* DATASET CONTENT *
BEGIN

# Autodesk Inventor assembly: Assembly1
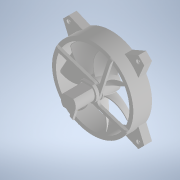
[picture p0: Inventor's stored thumbnail of the model, 180x180]
Saved by Autodesk Inventor 2021 (Build 250183000, 183)
## iProperties
Created: 2025-01-14
Part Number: Assembly1
Document SubType Name: Assembly
Designer: 24lucsil
Author: 24lucsil
## Documents named in this file (4)
- C:\Users\24lucsil\OneDrive - Hitachigymnasiet\Teknik\Wexteras\CAD\Assembly1.iam
- C:\Users\24lucsil\OneDrive - Hitachigymnasiet\Teknik\Wexteras\CAD\fläktFan.ipt
- C:\Users\24lucsil\OneDrive - Hitachigymnasiet\Teknik\Wexteras\CAD\FläktHållare.ipt
- C:\Users\24lucsil\OneDrive - Hitachigymnasiet\Teknik\Wexteras\CAD\FläktMotor.ipt
## Components (3 placed, 3 different names)
1. fläktFan:1 — Mate:1, Mate:2
2. FläktHållare:1
3. FläktMotor:1 — Mate:1, Mate:2
## Relationships (2: Mate 2)
- Mate:1: fläktFan:1 ↔ FläktMotor:1
- Mate:2 (4 mm): fläktFan:1 ↔ FläktMotor:1

END

* PROBLEM *
Reproduce, exactly and in full, the lines from the one that contains "Saved by Autodesk" to the end of the material.

* RESPONSE TO THIS EXERCISE *
Saved by Autodesk Inventor 2021 (Build 250183000, 183)
## iProperties
Created: 2025-01-14
Part Number: Assembly1
Document SubType Name: Assembly
Designer: 24lucsil
Author: 24lucsil
## Documents named in this file (4)
- C:\Users\24lucsil\OneDrive - Hitachigymnasiet\Teknik\Wexteras\CAD\Assembly1.iam
- C:\Users\24lucsil\OneDrive - Hitachigymnasiet\Teknik\Wexteras\CAD\fläktFan.ipt
- C:\Users\24lucsil\OneDrive - Hitachigymnasiet\Teknik\Wexteras\CAD\FläktHållare.ipt
- C:\Users\24lucsil\OneDrive - Hitachigymnasiet\Teknik\Wexteras\CAD\FläktMotor.ipt
## Components (3 placed, 3 different names)
1. fläktFan:1 — Mate:1, Mate:2
2. FläktHållare:1
3. FläktMotor:1 — Mate:1, Mate:2
## Relationships (2: Mate 2)
- Mate:1: fläktFan:1 ↔ FläktMotor:1
- Mate:2 (4 mm): fläktFan:1 ↔ FläktMotor:1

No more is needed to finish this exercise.